Aliás, o estudo refere particularmente que, no Twitter, as fake news têm mais 70% de probabilidade de serem partilhadas (retweeted) do que as notícias verdadeiras. E que as notícias verdadeiras demoram 6 vezes mais a alcançar 1500 pessoas, em comparação com as notícias falsas.

Como identificar e filtrar fake news

O primeiro passo para perceber a fidedignidade de qualquer notícia é ler toda a informação. Não vale ler apenas o título ou o lead (o pequeno resumo inicial), visto que muitas vezes estes são propositadamente chamativos – e por vezes até enganadores. É o chamado “clickbait”, um chamariz para gerar mais cliques, alcance e, no fundo, receitas.
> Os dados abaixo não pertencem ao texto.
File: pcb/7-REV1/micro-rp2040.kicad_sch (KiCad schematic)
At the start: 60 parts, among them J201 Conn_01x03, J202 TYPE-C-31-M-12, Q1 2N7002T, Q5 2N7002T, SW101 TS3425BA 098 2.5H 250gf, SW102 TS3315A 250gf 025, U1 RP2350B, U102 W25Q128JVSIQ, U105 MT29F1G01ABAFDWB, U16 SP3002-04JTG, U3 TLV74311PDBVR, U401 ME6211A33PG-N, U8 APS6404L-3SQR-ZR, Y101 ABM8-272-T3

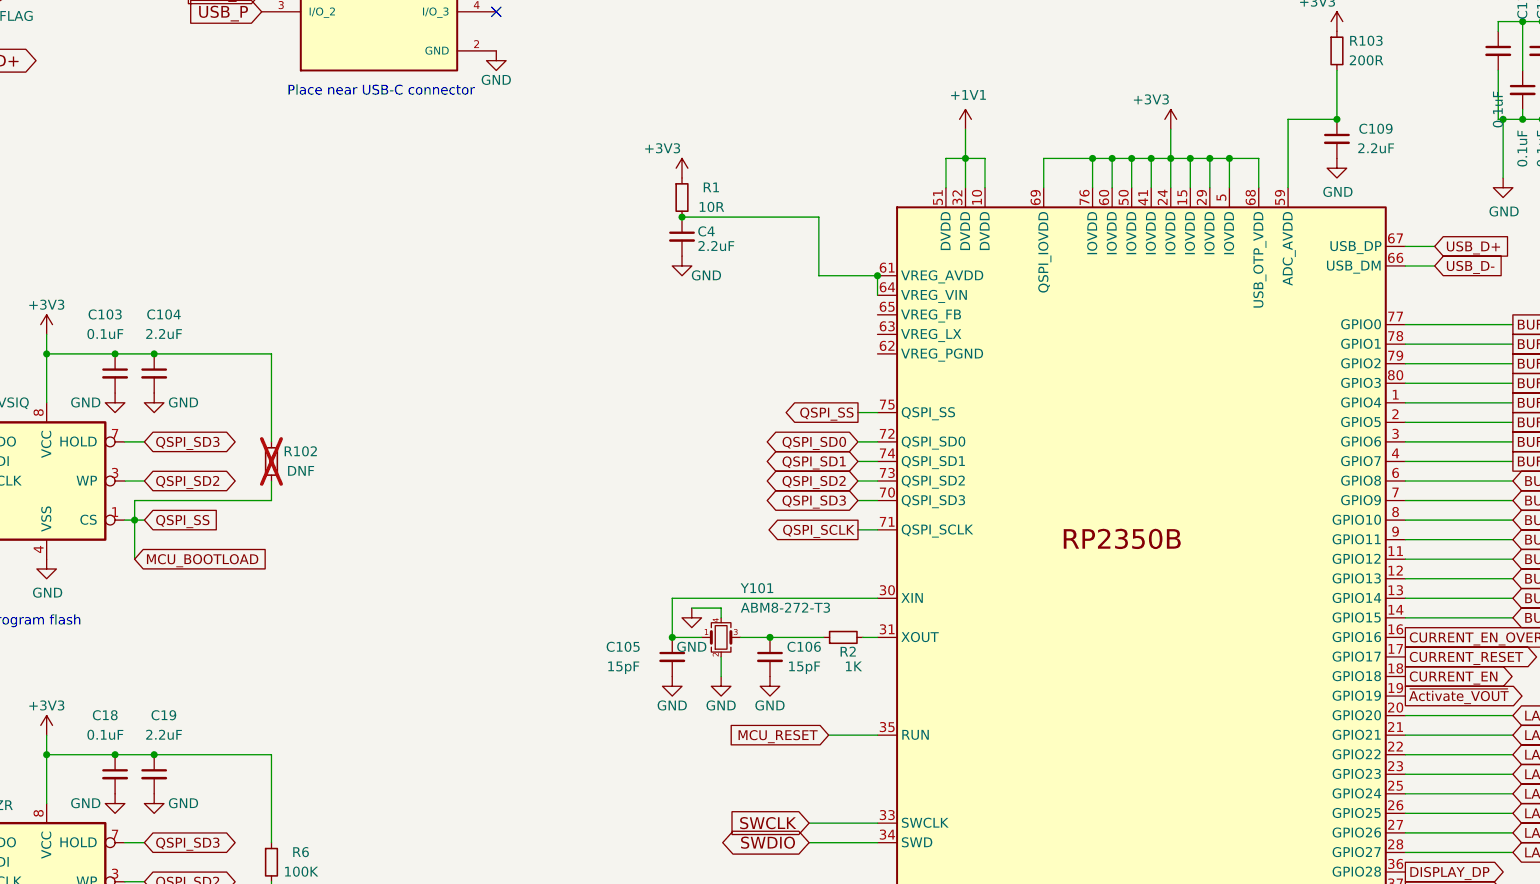
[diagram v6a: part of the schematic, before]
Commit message: TCA6416ARTWR IO expander, 2.2uF->4.7uF
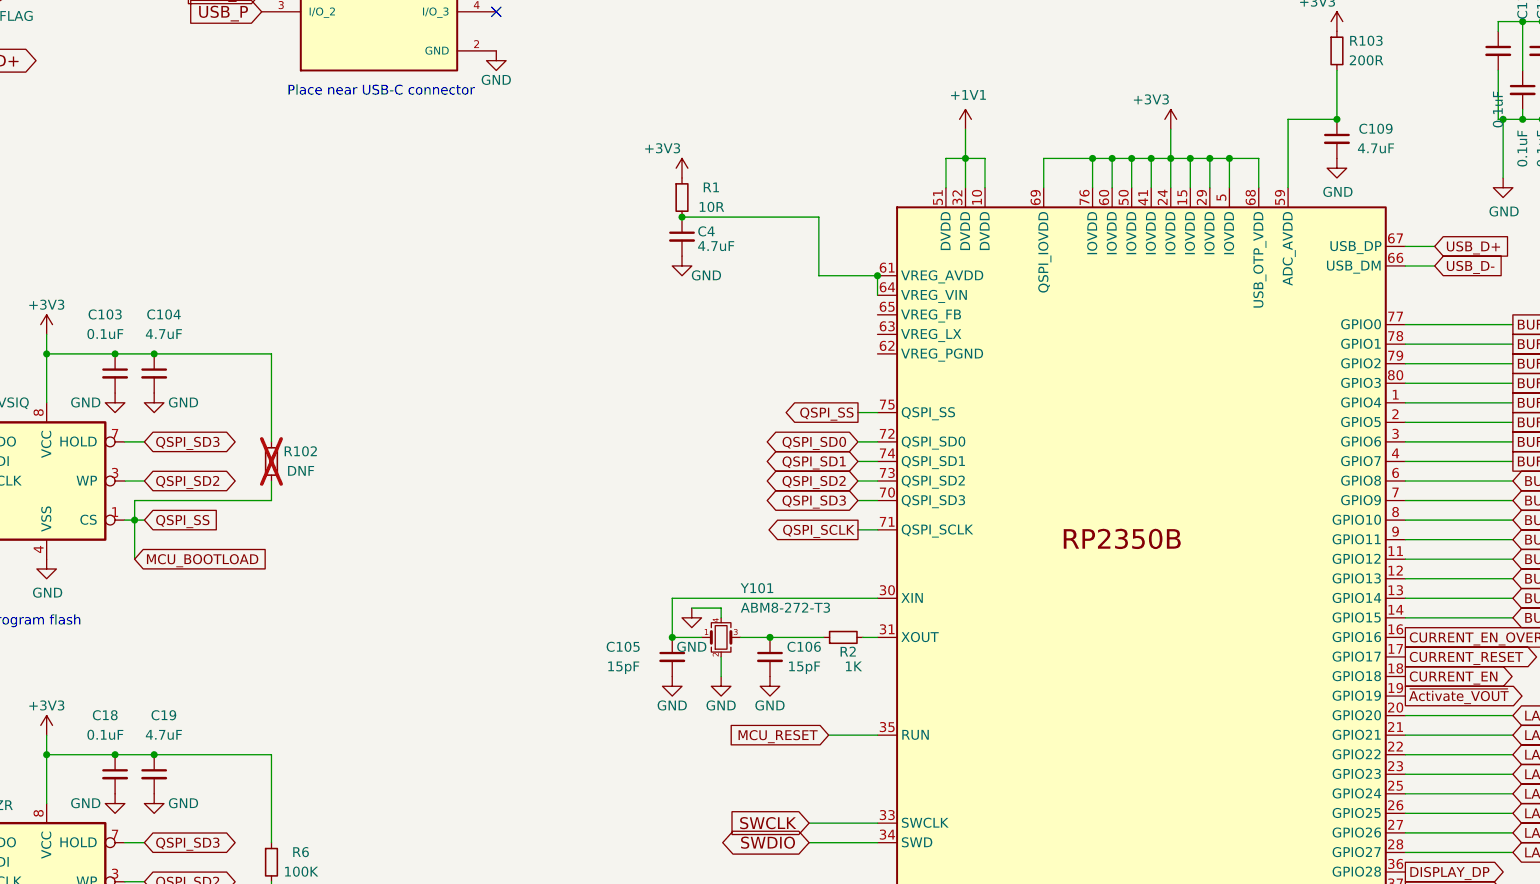
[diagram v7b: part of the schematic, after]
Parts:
- C104, C109, C19, C4: value 2.2uF -> 4.7uF
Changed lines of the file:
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@@
 			)
 		)
-		(property "Value" "2.2uF"
+		(property "Value" "4.7uF"
 			(at 135.89 82.55 0)
 			(effects
@@
 			)
 		)
-		(property "Value" "2.2uF"
+		(property "Value" "4.7uF"
 			(at 293.37 58.42 0)
 			(effects
@@
 			)
 		)
-		(property "Value" "2.2uF"
+		(property "Value" "4.7uF"
 			(at 135.89 134.62 0)
 			(effects
@@
 			)
 		)
-		(property "Value" "2.2uF"
+		(property "Value" "4.7uF"
 			(at 207.645 71.12 0)
 			(effects

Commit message: BP7REV1 2.2uF, 4.7uF-> 10uF/6.3V CL05A106MQ5NUN. 520K->470K on reset/bootloader switch.
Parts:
- C10, C104, C109, C11, C19, C201, C202, C24, C36, C4, C401, C402: value 4.7uF -> 10uF/6.3v
- R10: value 560k -> 470K
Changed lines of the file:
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@@
 			)
 		)
-		(property "Value" "4.7uF"
+		(property "Value" "10uF/6.3v"
 			(at 365.76 68.58 0)
 			(effects
@@
 			)
 		)
-		(property "Description" ""
+		(property "Description" "CL05A106MQ5NUN"
 			(at 368.3 67.31 0)
 			(effects
@@
 			)
 		)
-		(property "Value" "4.7uF"
+		(property "Value" "10uF/6.3v"
 			(at 396.0368 68.453 0)
 			(effects
@@
 			)
 		)
-		(property "Description" ""
+		(property "Description" "CL05A106MQ5NUN"
 			(at 393.7 67.31 0)
 			(effects
@@
 			)
 		)
-		(property "Value" "4.7uF"
+		(property "Value" "10uF/6.3v"
 			(at 121.92 22.86 90)
 			(effects
@@
 			)
 		)
-		(property "Description" ""
+		(property "Description" "CL05A106MQ5NUN"
 			(at 113.03 22.86 0)
 			(effects
@@
 			)
 		)
-		(property "Value" "4.7uF"
+		(property "Value" "10uF/6.3v"
 			(at 121.92 29.21 90)
 			(effects
@@
 			)
 		)
-		(property "Description" ""
+		(property "Description" "CL05A106MQ5NUN"
 			(at 113.03 26.67 0)
 			(effects
@@
 			)
 		)
-		(property "Value" "4.7uF"
+		(property "Value" "10uF/6.3v"
 			(at 135.89 82.55 0)
 			(effects
@@
 			)
 		)
-		(property "Description" ""
+		(property "Description" "CL05A106MQ5NUN"
 			(at 134.62 87.63 0)
 			(effects
@@
 			)
 		)
-		(property "Value" "4.7uF"
+		(property "Value" "10uF/6.3v"
 			(at 293.37 58.42 0)
 			(effects
@@
 			)
 		)
-		(property "Description" ""
+		(property "Description" "CL05A106MQ5NUN"
 			(at 288.29 57.15 0)
 			(effects
@@
 			)
 		)
-		(property "Value" "4.7uF"
+		(property "Value" "10uF/6.3v"
 			(at 135.89 134.62 0)
 			(effects
@@
 			)
 		)
-		(property "Description" ""
+		(property "Description" "CL05A106MQ5NUN"
 			(at 134.62 139.7 0)
 			(effects
@@
 			)
 		)
-		(property "Value" "4.7uF"
+		(property "Value" "10uF/6.3v"
 			(at 365.76 41.91 0)
 			(effects
@@
 			)
 		)
-		(property "Description" ""
+		(property "Description" "CL05A106MQ5NUN"
 			(at 368.3 40.64 0)
 			(effects
@@
 			)
 		)
-		(property "Value" "4.7uF"
+		(property "Value" "10uF/6.3v"
 			(at 46.99 143.256 0)
 			(effects
@@
 			)
 		)
-		(property "Value" "560k"
+		(property "Value" "470K"
 			(at 39.37 140.97 0)
 			(effects
@@
 			)
 		)
-		(property "Value" "4.7uF"
+		(property "Value" "10uF/6.3v"
 			(at 207.645 71.12 0)
 			(effects
@@
 			)
 		)
-		(property "Description" ""
+		(property "Description" "CL05A106MQ5NUN"
 			(at 203.2 69.85 0)
 			(effects
@@
 			)
 		)
-		(property "Value" "4.7uF"
+		(property "Value" "10uF/6.3v"
 			(at 188.468 33.02 90)
 			(effects
@@
 			)
 		)
-		(property "Description" ""
+		(property "Description" "CL05A106MQ5NUN"
 			(at 184.15 33.02 0)
 			(effects
@@
 			)
 		)
-		(property "Value" "4.7uF"
+		(property "Value" "10uF/6.3v"
 			(at 396.0368 41.783 0)
 			(effects
@@
 			)
 		)
-		(property "Description" ""
+		(property "Description" "CL05A106MQ5NUN"
 			(at 393.7 40.64 0)
 			(effects

O segundo passo é perceber a origem das informações partilhadas. Foram publicadas por alguma fonte credível ou não se sabe a sua origem? Existem fontes reais? Dependendo do tipo de notícia, há estudos, testemunhas ou declarações oficiais que a suportem? É importante recordar que um artigo de opinião não é uma notícia – embora também estes devam ter algum tipo de fundamento e suporte.

Por isso, é importante sermos exigentes com as notícias para perceber a sua origem e credibilidade.

O terceiro e último passo será a pesquisa. Nada como ver se aquele tema específico já foi abordado por outros meios, assim como quais, quando e o que foi dito. Se não for uma notícia exclusiva de Portugal, convém que a pesquisa seja em inglês para haver mais resultados de pesquisa. Um último conselho é até pesquisar o tema com vários termos diferentes que apelem à sua confirmação ou desconstrução. Por exemplo, se quisermos saber mais sobre as eleições presidenciais, podemos tentar pesquisas como “a verdade sobre as eleições presidenciais”, “mentiras nas eleições presidenciais” ou “esquemas nas eleições presidenciais”. Isto pode levar-nos a descobertas que de outra forma não saberíamos e também desmascarar algumas fake news.

Torne-se um caçador de fake news

Se pretende tornar-se um “detective profissional” na identificação de fake news, pode sempre rever o conteúdo do curso Fake News – não se deixe enganar. Este curso gratuito foi disponibilizado pela NAU, uma plataforma de formação online para grandes audiências gerida pela Unidade FCCN da Fundação para a Ciência e a Tecnologia (FCT). Embora o curso esteja arquivado, os conteúdos estão disponíveis para consulta. É ideal para quem trabalha na área da comunicação e dos media.

Em suma, a melhor forma de nos protegermos e de termos uma maior certeza quanto à informação que nos chega, é tendo um sentido crítico. Nunca devemos tomar nada como uma verdade absoluta, muito menos à primeira vista. Questionar e pesquisar é crucial para obter mais conhecimento. Só assim conseguiremos navegar este mundo, especialmente o digital, com maior confiança e convicção naquilo que consideramos correcto e verdadeiro.